The Caucasian Mineral Waters is a group of spa resorts, located in the Northern Caucasus region of Russia. It includes the towns of Pyatigorsk, Zheleznovodsk, Yessentuki, and Kislovodsk. The region features over 130 sanatoriums and hotels, many equipped with the latest medical equipment, which can accommodate up to 30,000 people simultaneously. As of 2022, the spas receive over 730,000 visitors annually. In addition to approximately 300 mineral springs with diverse properties, the region is famous for its landscape, mild climate, and the medicinal mud of Lake Tambukan.

== History ==

The Pyatigorsk springs were first described in the 14th century, by the Arab traveler Ibn Battuta. Since at least the 17th century, Northern Caucasian folklore has attributed healing properties to the local water. One legend tells of a hunter who, in pursuit of a wolf, fell into a spring and was miraculously cured of rheumatism.

In the early 18th century, Peter the Great, having enjoyed spa resorts in Spa and Karlsbad, was determined to develop local analogues. In 1717, he published the decree "On the Search for Mineral Waters in Russia," launching the search for medicinal mineral springs within the country. The resulting expedition identified several sources of "sour water" in modern-day Chechnya.
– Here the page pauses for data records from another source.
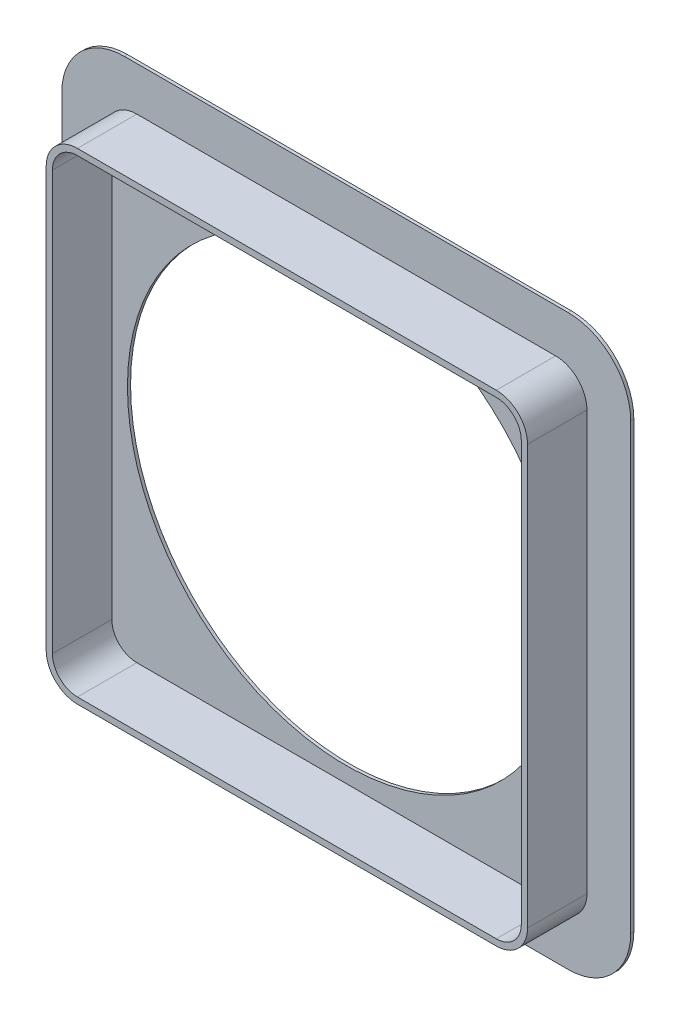
ISO-10303-21;
HEADER;
FILE_DESCRIPTION(('STEP AP214'),'2;1');
FILE_NAME('part.step','',(''),(''),'','','');
FILE_SCHEMA(('AUTOMOTIVE_DESIGN { 1 0 10303 214 1 1 1 1 }'));
ENDSEC;
DATA;
#1=APPLICATION_CONTEXT('core data for automotive mechanical design processes');
#2=APPLICATION_PROTOCOL_DEFINITION('international standard','automotive_design',2000,#1);
#3=PRODUCT_CONTEXT('',#1,'mechanical');
#4=PRODUCT('Part','Part','',(#3));
#5=PRODUCT_RELATED_PRODUCT_CATEGORY('part','',(#4));
#6=PRODUCT_DEFINITION_FORMATION('','',#4);
#7=PRODUCT_DEFINITION_CONTEXT('part definition',#1,'design');
#8=PRODUCT_DEFINITION('design','',#6,#7);
#9=PRODUCT_DEFINITION_SHAPE('','',#8);
#10=(LENGTH_UNIT() NAMED_UNIT(*) SI_UNIT(.MILLI.,.METRE.));
#11=(NAMED_UNIT(*) PLANE_ANGLE_UNIT() SI_UNIT($,.RADIAN.));
#12=(NAMED_UNIT(*) SI_UNIT($,.STERADIAN.) SOLID_ANGLE_UNIT());
#13=UNCERTAINTY_MEASURE_WITH_UNIT(LENGTH_MEASURE(1.E-05),#10,'distance_accuracy_value','');
#14=(GEOMETRIC_REPRESENTATION_CONTEXT(3) GLOBAL_UNCERTAINTY_ASSIGNED_CONTEXT((#13)) GLOBAL_UNIT_ASSIGNED_CONTEXT((#10,
#11,#12)) REPRESENTATION_CONTEXT('',''));
#15=CARTESIAN_POINT('',(0.,0.,0.));
#16=DIRECTION('',(0.,0.,1.));
#17=DIRECTION('',(1.,0.,0.));
#18=AXIS2_PLACEMENT_3D('',#15,#16,#17);
#19=CARTESIAN_POINT('',(-33.5,-33.5,0.));
#20=DIRECTION('',(0.,0.,1.));
#21=DIRECTION('',(1.,0.,0.));
#22=AXIS2_PLACEMENT_3D('',#19,#20,#21);
#23=CYLINDRICAL_SURFACE('',#22,4.);
#24=CARTESIAN_POINT('',(-33.5,-33.5,0.5));
#25=DIRECTION('',(0.,0.,-1.));
#26=DIRECTION('',(-1.,0.,0.));
#27=AXIS2_PLACEMENT_3D('',#24,#25,#26);
#28=CIRCLE('',#27,4.);
#29=CARTESIAN_POINT('',(-33.5,-37.5,0.5));
#30=VERTEX_POINT('',#29);
#31=CARTESIAN_POINT('',(-37.5,-33.5,0.5));
#32=VERTEX_POINT('',#31);
#33=EDGE_CURVE('E54',#30,#32,#28,.T.);
#34=ORIENTED_EDGE('',*,*,#33,.T.);
#35=DIRECTION('',(0.,0.,1.));
#36=VECTOR('',#35,1.);
#37=CARTESIAN_POINT('',(-37.5,-33.5,0.));
#38=LINE('',#37,#36);
#39=CARTESIAN_POINT('',(-37.5,-33.5,10.));
#40=VERTEX_POINT('',#39);
#41=EDGE_CURVE('E258',#32,#40,#38,.T.);
#42=ORIENTED_EDGE('',*,*,#41,.T.);
#43=CARTESIAN_POINT('',(-33.5,-33.5,10.));
#44=DIRECTION('',(0.,0.,1.));
#45=DIRECTION('',(1.,0.,0.));
#46=AXIS2_PLACEMENT_3D('',#43,#44,#45);
#47=CIRCLE('',#46,4.);
#48=CARTESIAN_POINT('',(-33.5,-37.5,10.));
#49=VERTEX_POINT('',#48);
#50=EDGE_CURVE('E237',#40,#49,#47,.T.);
#51=ORIENTED_EDGE('',*,*,#50,.T.);
#52=DIRECTION('',(0.,0.,1.));
#53=VECTOR('',#52,1.);
#54=CARTESIAN_POINT('',(-33.5,-37.5,0.));
#55=LINE('',#54,#53);
#56=EDGE_CURVE('E210',#30,#49,#55,.T.);
#57=ORIENTED_EDGE('',*,*,#56,.F.);
#58=EDGE_LOOP('',(#34,#42,#51,#57));
#59=FACE_BOUND('',#58,.T.);
#60=ADVANCED_FACE('F39',(#59),#23,.F.);
#61=CARTESIAN_POINT('',(-37.5,33.5,0.));
#62=DIRECTION('',(-1.,0.,0.));
#63=DIRECTION('',(0.,0.,1.));
#64=AXIS2_PLACEMENT_3D('',#61,#62,#63);
#65=PLANE('',#64);
#66=DIRECTION('',(0.,1.,0.));
#67=VECTOR('',#66,1.);
#68=CARTESIAN_POINT('',(-37.5,33.5,0.5));
#69=LINE('',#68,#67);
#70=CARTESIAN_POINT('',(-37.5,33.5,0.5));
#71=VERTEX_POINT('',#70);
#72=EDGE_CURVE('E61',#32,#71,#69,.T.);
#73=ORIENTED_EDGE('',*,*,#72,.T.);
#74=DIRECTION('',(0.,0.,1.));
#75=VECTOR('',#74,1.);
#76=CARTESIAN_POINT('',(-37.5,33.5,0.));
#77=LINE('',#76,#75);
#78=CARTESIAN_POINT('',(-37.5,33.5,10.));
#79=VERTEX_POINT('',#78);
#80=EDGE_CURVE('E261',#71,#79,#77,.T.);
#81=ORIENTED_EDGE('',*,*,#80,.T.);
#82=DIRECTION('',(0.,-1.,0.));
#83=VECTOR('',#82,1.);
#84=CARTESIAN_POINT('',(-37.5,33.5,10.));
#85=LINE('',#84,#83);
#86=EDGE_CURVE('E255',#79,#40,#85,.T.);
#87=ORIENTED_EDGE('',*,*,#86,.T.);
#88=ORIENTED_EDGE('',*,*,#41,.F.);
#89=EDGE_LOOP('',(#73,#81,#87,#88));
#90=FACE_BOUND('',#89,.T.);
#91=ADVANCED_FACE('F436',(#90),#65,.F.);
#92=CARTESIAN_POINT('',(-33.5,33.5,0.));
#93=DIRECTION('',(0.,0.,1.));
#94=DIRECTION('',(1.,0.,0.));
#95=AXIS2_PLACEMENT_3D('',#92,#93,#94);
#96=CYLINDRICAL_SURFACE('',#95,3.99999999999999);
#97=CARTESIAN_POINT('',(-33.5,33.5,0.5));
#98=DIRECTION('',(0.,0.,-1.));
#99=DIRECTION('',(-1.,0.,0.));
#100=AXIS2_PLACEMENT_3D('',#97,#98,#99);
#101=CIRCLE('',#100,3.99999999999999);
#102=CARTESIAN_POINT('',(-33.5,37.5,0.5));
#103=VERTEX_POINT('',#102);
#104=EDGE_CURVE('E231',#71,#103,#101,.T.);
#105=ORIENTED_EDGE('',*,*,#104,.T.);
#106=DIRECTION('',(0.,0.,1.));
#107=VECTOR('',#106,1.);
#108=CARTESIAN_POINT('',(-33.5,37.5,0.));
#109=LINE('',#108,#107);
#110=CARTESIAN_POINT('',(-33.5,37.5,10.));
#111=VERTEX_POINT('',#110);
#112=EDGE_CURVE('E263',#103,#111,#109,.T.);
#113=ORIENTED_EDGE('',*,*,#112,.T.);
#114=CARTESIAN_POINT('',(-33.5,33.5,10.));
#115=DIRECTION('',(0.,0.,1.));
#116=DIRECTION('',(1.,0.,0.));
#117=AXIS2_PLACEMENT_3D('',#114,#115,#116);
#118=CIRCLE('',#117,3.99999999999999);
#119=EDGE_CURVE('E252',#111,#79,#118,.T.);
#120=ORIENTED_EDGE('',*,*,#119,.T.);
#121=ORIENTED_EDGE('',*,*,#80,.F.);
#122=EDGE_LOOP('',(#105,#113,#120,#121));
#123=FACE_BOUND('',#122,.T.);
#124=ADVANCED_FACE('F441',(#123),#96,.F.);
#125=CARTESIAN_POINT('',(33.5,37.5,0.));
#126=DIRECTION('',(0.,1.,0.));
#127=DIRECTION('',(0.,0.,1.));
#128=AXIS2_PLACEMENT_3D('',#125,#126,#127);
#129=PLANE('',#128);
#130=DIRECTION('',(1.,0.,0.));
#131=VECTOR('',#130,1.);
#132=CARTESIAN_POINT('',(33.5,37.5,0.5));
#133=LINE('',#132,#131);
#134=CARTESIAN_POINT('',(33.5,37.5,0.5));
#135=VERTEX_POINT('',#134);
#136=EDGE_CURVE('E229',#103,#135,#133,.T.);
#137=ORIENTED_EDGE('',*,*,#136,.T.);
#138=DIRECTION('',(0.,0.,1.));
#139=VECTOR('',#138,1.);
#140=CARTESIAN_POINT('',(33.5,37.5,0.));
#141=LINE('',#140,#139);
#142=CARTESIAN_POINT('',(33.5,37.5,10.));
#143=VERTEX_POINT('',#142);
#144=EDGE_CURVE('E265',#135,#143,#141,.T.);
#145=ORIENTED_EDGE('',*,*,#144,.T.);
#146=DIRECTION('',(-1.,0.,0.));
#147=VECTOR('',#146,1.);
#148=CARTESIAN_POINT('',(33.5,37.5,10.));
#149=LINE('',#148,#147);
#150=EDGE_CURVE('E249',#143,#111,#149,.T.);
#151=ORIENTED_EDGE('',*,*,#150,.T.);
#152=ORIENTED_EDGE('',*,*,#112,.F.);
#153=EDGE_LOOP('',(#137,#145,#151,#152));
#154=FACE_BOUND('',#153,.T.);
#155=ADVANCED_FACE('F544',(#154),#129,.F.);
#156=CARTESIAN_POINT('',(33.5,33.5,0.));
#157=DIRECTION('',(0.,0.,1.));
#158=DIRECTION('',(1.,0.,0.));
#159=AXIS2_PLACEMENT_3D('',#156,#157,#158);
#160=CYLINDRICAL_SURFACE('',#159,3.99999999999999);
#161=CARTESIAN_POINT('',(33.5,33.5,0.5));
#162=DIRECTION('',(0.,0.,-1.));
#163=DIRECTION('',(-1.,0.,0.));
#164=AXIS2_PLACEMENT_3D('',#161,#162,#163);
#165=CIRCLE('',#164,3.99999999999999);
#166=CARTESIAN_POINT('',(37.5,33.5,0.5));
#167=VERTEX_POINT('',#166);
#168=EDGE_CURVE('E227',#135,#167,#165,.T.);
#169=ORIENTED_EDGE('',*,*,#168,.T.);
#170=DIRECTION('',(0.,0.,1.));
#171=VECTOR('',#170,1.);
#172=CARTESIAN_POINT('',(37.5,33.5,0.));
#173=LINE('',#172,#171);
#174=CARTESIAN_POINT('',(37.5,33.5,10.));
#175=VERTEX_POINT('',#174);
#176=EDGE_CURVE('E267',#167,#175,#173,.T.);
#177=ORIENTED_EDGE('',*,*,#176,.T.);
#178=CARTESIAN_POINT('',(33.5,33.5,10.));
#179=DIRECTION('',(0.,0.,1.));
#180=DIRECTION('',(1.,0.,0.));
#181=AXIS2_PLACEMENT_3D('',#178,#179,#180);
#182=CIRCLE('',#181,3.99999999999999);
#183=EDGE_CURVE('E246',#175,#143,#182,.T.);
#184=ORIENTED_EDGE('',*,*,#183,.T.);
#185=ORIENTED_EDGE('',*,*,#144,.F.);
#186=EDGE_LOOP('',(#169,#177,#184,#185));
#187=FACE_BOUND('',#186,.T.);
#188=ADVANCED_FACE('F534',(#187),#160,.F.);
#189=CARTESIAN_POINT('',(37.5,-33.5,0.));
#190=DIRECTION('',(1.,0.,0.));
#191=DIRECTION('',(0.,0.,-1.));
#192=AXIS2_PLACEMENT_3D('',#189,#190,#191);
#193=PLANE('',#192);
#194=DIRECTION('',(0.,-1.,0.));
#195=VECTOR('',#194,1.);
#196=CARTESIAN_POINT('',(37.5,-33.5,0.5));
#197=LINE('',#196,#195);
#198=CARTESIAN_POINT('',(37.5,-33.5,0.5));
#199=VERTEX_POINT('',#198);
#200=EDGE_CURVE('E218',#167,#199,#197,.T.);
#201=ORIENTED_EDGE('',*,*,#200,.T.);
#202=DIRECTION('',(0.,0.,1.));
#203=VECTOR('',#202,1.);
#204=CARTESIAN_POINT('',(37.5,-33.5,0.));
#205=LINE('',#204,#203);
#206=CARTESIAN_POINT('',(37.5,-33.5,10.));
#207=VERTEX_POINT('',#206);
#208=EDGE_CURVE('E209',#199,#207,#205,.T.);
#209=ORIENTED_EDGE('',*,*,#208,.T.);
#210=DIRECTION('',(0.,1.,0.));
#211=VECTOR('',#210,1.);
#212=CARTESIAN_POINT('',(37.5,-33.5,10.));
#213=LINE('',#212,#211);
#214=EDGE_CURVE('E243',#207,#175,#213,.T.);
#215=ORIENTED_EDGE('',*,*,#214,.T.);
#216=ORIENTED_EDGE('',*,*,#176,.F.);
#217=EDGE_LOOP('',(#201,#209,#215,#216));
#218=FACE_BOUND('',#217,.T.);
#219=ADVANCED_FACE('F526',(#218),#193,.F.);
#220=CARTESIAN_POINT('',(33.5,-33.5,0.));
#221=DIRECTION('',(0.,0.,1.));
#222=DIRECTION('',(1.,0.,0.));
#223=AXIS2_PLACEMENT_3D('',#220,#221,#222);
#224=CYLINDRICAL_SURFACE('',#223,4.);
#225=CARTESIAN_POINT('',(33.5,-33.5,0.5));
#226=DIRECTION('',(0.,0.,-1.));
#227=DIRECTION('',(-1.,0.,0.));
#228=AXIS2_PLACEMENT_3D('',#225,#226,#227);
#229=CIRCLE('',#228,4.);
#230=CARTESIAN_POINT('',(33.5,-37.5,0.5));
#231=VERTEX_POINT('',#230);
#232=EDGE_CURVE('E214',#199,#231,#229,.T.);
#233=ORIENTED_EDGE('',*,*,#232,.T.);
#234=DIRECTION('',(0.,0.,1.));
#235=VECTOR('',#234,1.);
#236=CARTESIAN_POINT('',(33.5,-37.5,0.));
#237=LINE('',#236,#235);
#238=CARTESIAN_POINT('',(33.5,-37.5,10.));
#239=VERTEX_POINT('',#238);
#240=EDGE_CURVE('E199',#231,#239,#237,.T.);
#241=ORIENTED_EDGE('',*,*,#240,.T.);
#242=CARTESIAN_POINT('',(33.5,-33.5,10.));
#243=DIRECTION('',(0.,0.,1.));
#244=DIRECTION('',(1.,0.,0.));
#245=AXIS2_PLACEMENT_3D('',#242,#243,#244);
#246=CIRCLE('',#245,4.);
#247=EDGE_CURVE('E241',#239,#207,#246,.T.);
#248=ORIENTED_EDGE('',*,*,#247,.T.);
#249=ORIENTED_EDGE('',*,*,#208,.F.);
#250=EDGE_LOOP('',(#233,#241,#248,#249));
#251=FACE_BOUND('',#250,.T.);
#252=ADVANCED_FACE('F215',(#251),#224,.F.);
#253=CARTESIAN_POINT('',(-33.5,-37.5,0.));
#254=DIRECTION('',(0.,-1.,0.));
#255=DIRECTION('',(0.,0.,-1.));
#256=AXIS2_PLACEMENT_3D('',#253,#254,#255);
#257=PLANE('',#256);
#258=DIRECTION('',(-1.,0.,0.));
#259=VECTOR('',#258,1.);
#260=CARTESIAN_POINT('',(-33.5,-37.5,0.5));
#261=LINE('',#260,#259);
#262=EDGE_CURVE('E203',#231,#30,#261,.T.);
#263=ORIENTED_EDGE('',*,*,#262,.T.);
#264=ORIENTED_EDGE('',*,*,#56,.T.);
#265=DIRECTION('',(1.,0.,0.));
#266=VECTOR('',#265,1.);
#267=CARTESIAN_POINT('',(-33.5,-37.5,10.));
#268=LINE('',#267,#266);
#269=EDGE_CURVE('E205',#49,#239,#268,.T.);
#270=ORIENTED_EDGE('',*,*,#269,.T.);
#271=ORIENTED_EDGE('',*,*,#240,.F.);
#272=EDGE_LOOP('',(#263,#264,#270,#271));
#273=FACE_BOUND('',#272,.T.);
#274=ADVANCED_FACE('F201',(#273),#257,.F.);
#275=CARTESIAN_POINT('',(0.,0.,0.5));
#276=DIRECTION('',(0.,0.,-1.));
#277=DIRECTION('',(-1.,0.,0.));
#278=AXIS2_PLACEMENT_3D('',#275,#276,#277);
#279=PLANE('',#278);
#280=DIRECTION('',(1.,0.,0.));
#281=VECTOR('',#280,1.);
#282=CARTESIAN_POINT('',(-45.5,-45.5,0.5));
#283=LINE('',#282,#281);
#284=CARTESIAN_POINT('',(-35.5,-45.5,0.5));
#285=VERTEX_POINT('',#284);
#286=CARTESIAN_POINT('',(35.5,-45.5,0.5));
#287=VERTEX_POINT('',#286);
#288=EDGE_CURVE('E305',#285,#287,#283,.T.);
#289=ORIENTED_EDGE('',*,*,#288,.T.);
#290=CARTESIAN_POINT('',(35.5,-35.5,0.5));
#291=DIRECTION('',(0.,0.,-1.));
#292=DIRECTION('',(-1.,0.,0.));
#293=AXIS2_PLACEMENT_3D('',#290,#291,#292);
#294=CIRCLE('',#293,10.);
#295=CARTESIAN_POINT('',(45.5,-35.5,0.5));
#296=VERTEX_POINT('',#295);
#297=EDGE_CURVE('E378',#287,#296,#294,.F.);
#298=ORIENTED_EDGE('',*,*,#297,.T.);
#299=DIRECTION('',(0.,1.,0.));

On April 24, 1803, Alexander I signed a rescript "On the Recognition of the National Significance of the Caucasian Mineral Waters and the Necessity of Their Development." This date marks the beginning of the region as a recognized Russian resort. Following this, the resort was visited by famous Russian writers, artists and statesmen, including Mikhail Lermontov, Alexander Pushkin, and Nikolay Raevsky.

The region’s resort potential began to be properly developed in 1863 with the establishment of the Russian Balneological Society in Pyatigorsk. That same year, the society set up a chemical laboratory to analyze the mineral waters. Over the course of the century, doctors and researchers progressively identified medicinal properties of the waters and established treatment protocols.

A new era for the resorts began with the issuance of Lenin’s Decree No.231, “On Health Resorts of National Significance,” in 1919. Despite the chaos of the Russian Civil War, the resort quickly recovered and welcomed up to 50,000 visitors in 1928. Except for a brief period of occupation during the Second World War, the Caucasian Mineral Waters served as the largest hospital hub for recovering veterans both during and after the war.

Following the Second World War, the resort quickly expanded, and many new sanatoriums were built.